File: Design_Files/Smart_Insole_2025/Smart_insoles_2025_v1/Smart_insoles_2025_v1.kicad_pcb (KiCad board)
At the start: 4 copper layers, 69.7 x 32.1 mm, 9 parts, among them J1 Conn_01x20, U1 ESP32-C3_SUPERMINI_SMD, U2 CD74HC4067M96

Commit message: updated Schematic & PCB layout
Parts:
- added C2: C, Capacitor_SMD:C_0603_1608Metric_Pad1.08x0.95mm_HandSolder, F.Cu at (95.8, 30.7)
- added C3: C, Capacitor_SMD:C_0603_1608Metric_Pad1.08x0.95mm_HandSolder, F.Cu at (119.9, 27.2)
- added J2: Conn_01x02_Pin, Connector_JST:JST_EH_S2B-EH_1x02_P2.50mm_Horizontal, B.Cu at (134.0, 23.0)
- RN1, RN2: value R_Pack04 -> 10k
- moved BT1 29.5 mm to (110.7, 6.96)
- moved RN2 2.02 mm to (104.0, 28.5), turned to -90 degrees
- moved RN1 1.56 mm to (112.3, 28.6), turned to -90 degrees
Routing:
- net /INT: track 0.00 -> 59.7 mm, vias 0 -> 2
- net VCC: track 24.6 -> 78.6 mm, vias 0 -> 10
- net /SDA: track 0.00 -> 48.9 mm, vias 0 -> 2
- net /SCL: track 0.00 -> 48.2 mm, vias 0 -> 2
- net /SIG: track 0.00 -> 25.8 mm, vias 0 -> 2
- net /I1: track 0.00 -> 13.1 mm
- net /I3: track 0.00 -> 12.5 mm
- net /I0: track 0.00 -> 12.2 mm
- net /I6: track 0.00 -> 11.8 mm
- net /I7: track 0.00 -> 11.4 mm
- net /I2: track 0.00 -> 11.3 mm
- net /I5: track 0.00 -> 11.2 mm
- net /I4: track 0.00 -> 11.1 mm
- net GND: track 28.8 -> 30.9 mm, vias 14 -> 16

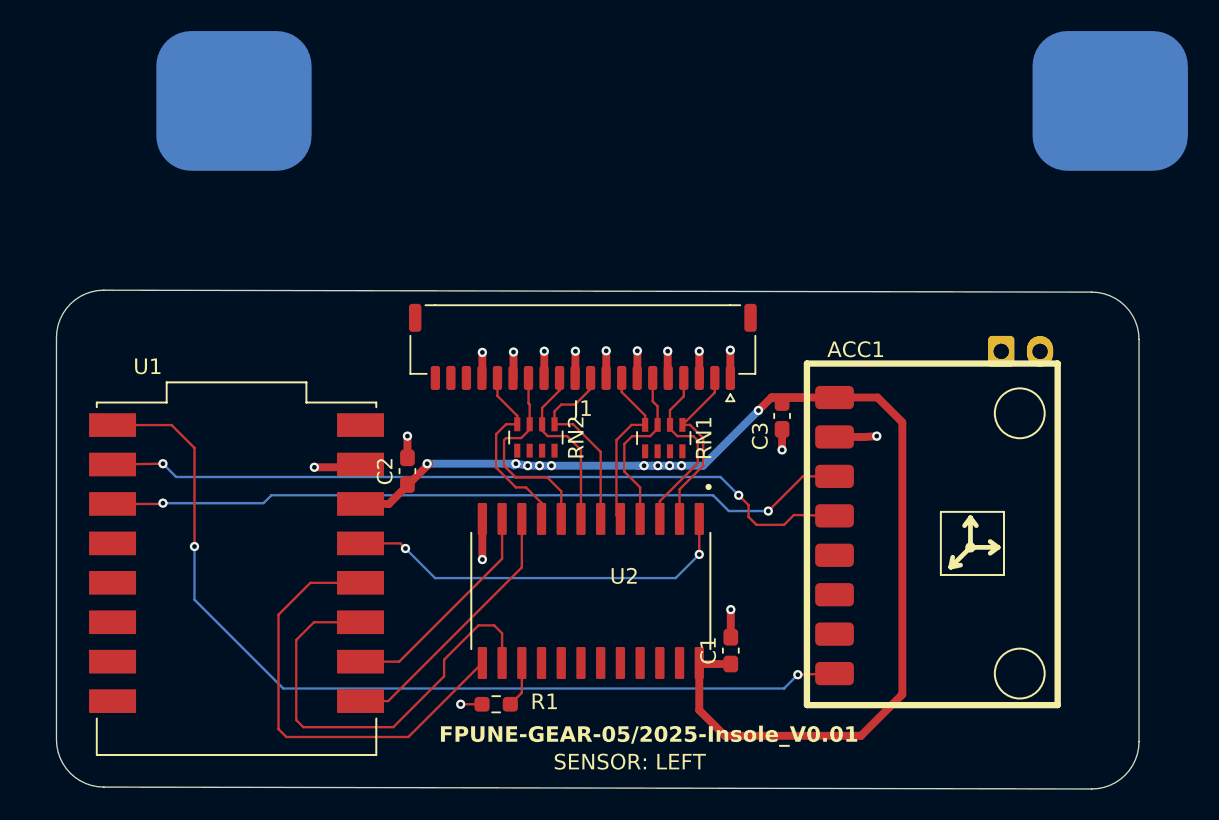
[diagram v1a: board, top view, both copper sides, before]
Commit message: Changing MCU orientation + Rerouting
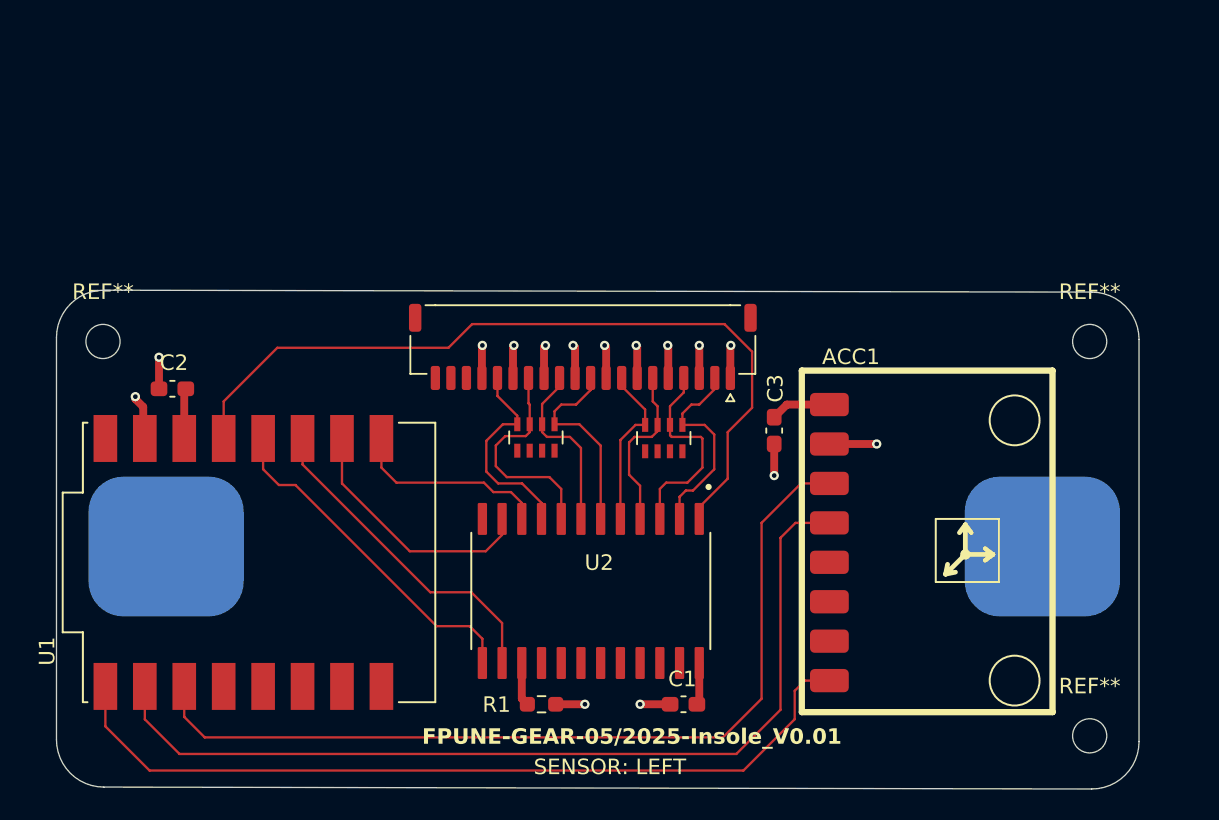
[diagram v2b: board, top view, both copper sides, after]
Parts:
- removed J2: Conn_01x02_Pin, Connector_JST:JST_EH_S2B-EH_1x02_P2.50mm_Horizontal
- added REF**: MountingHole_2.2mm_M2, MountingHole:MountingHole_2.2mm_M2, F.Cu at (139.7, 22.4)
- added REF**: MountingHole_2.2mm_M2, MountingHole:MountingHole_2.2mm_M2, F.Cu at (76.1, 22.4)
- added REF**: MountingHole_2.2mm_M2, MountingHole:MountingHole_2.2mm_M2, F.Cu at (139.7, 47.8)
- moved BT1 28.5 mm to (110.5, 35.5), turned to -90 degrees
- moved C2 16.0 mm to (80.6, 25.4), turned to 180 degrees
- moved C1 4.61 mm to (113.5, 45.7), turned to 180 degrees
- moved R1 2.92 mm to (104.4, 45.7), turned to 0 degrees
- moved U1 1.79 mm to (86.2, 36.6), turned to 90 degrees
- moved C3 1.07 mm to (119.4, 28.1)
- moved ACC1 0.56 mm to (121.2, 46.2)
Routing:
- net VCC: track 78.6 -> 9.86 mm, vias 10 -> 0
- net /SIG: track 25.8 -> 51.4 mm, vias 2 -> 0
- net /SDA: track 48.9 -> 59.8 mm, vias 2 -> 0
- net /SCL: track 48.2 -> 57.5 mm, vias 2 -> 0
- net /S2: track 28.7 -> 21.3 mm
- net /S3: track 28.8 -> 22.2 mm
- net /INT: track 59.7 -> 53.9 mm, vias 2 -> 0
- net /S0: track 17.1 -> 12.9 mm
- net GND: track 30.9 -> 33.6 mm, vias 16 -> 15
- net /S1: track 14.4 -> 16.5 mm
- net /I7: track 11.4 -> 13.1 mm
- net /I6: track 11.8 -> 13.4 mm
- net /I0: track 12.2 -> 13.4 mm
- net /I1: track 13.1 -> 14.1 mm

::::

Task prompt: Using the material above, find each line that holds "diagram" and copy that line.

Task answer:
[diagram v1a: board, top view, both copper sides, before]
[diagram v2b: board, top view, both copper sides, after]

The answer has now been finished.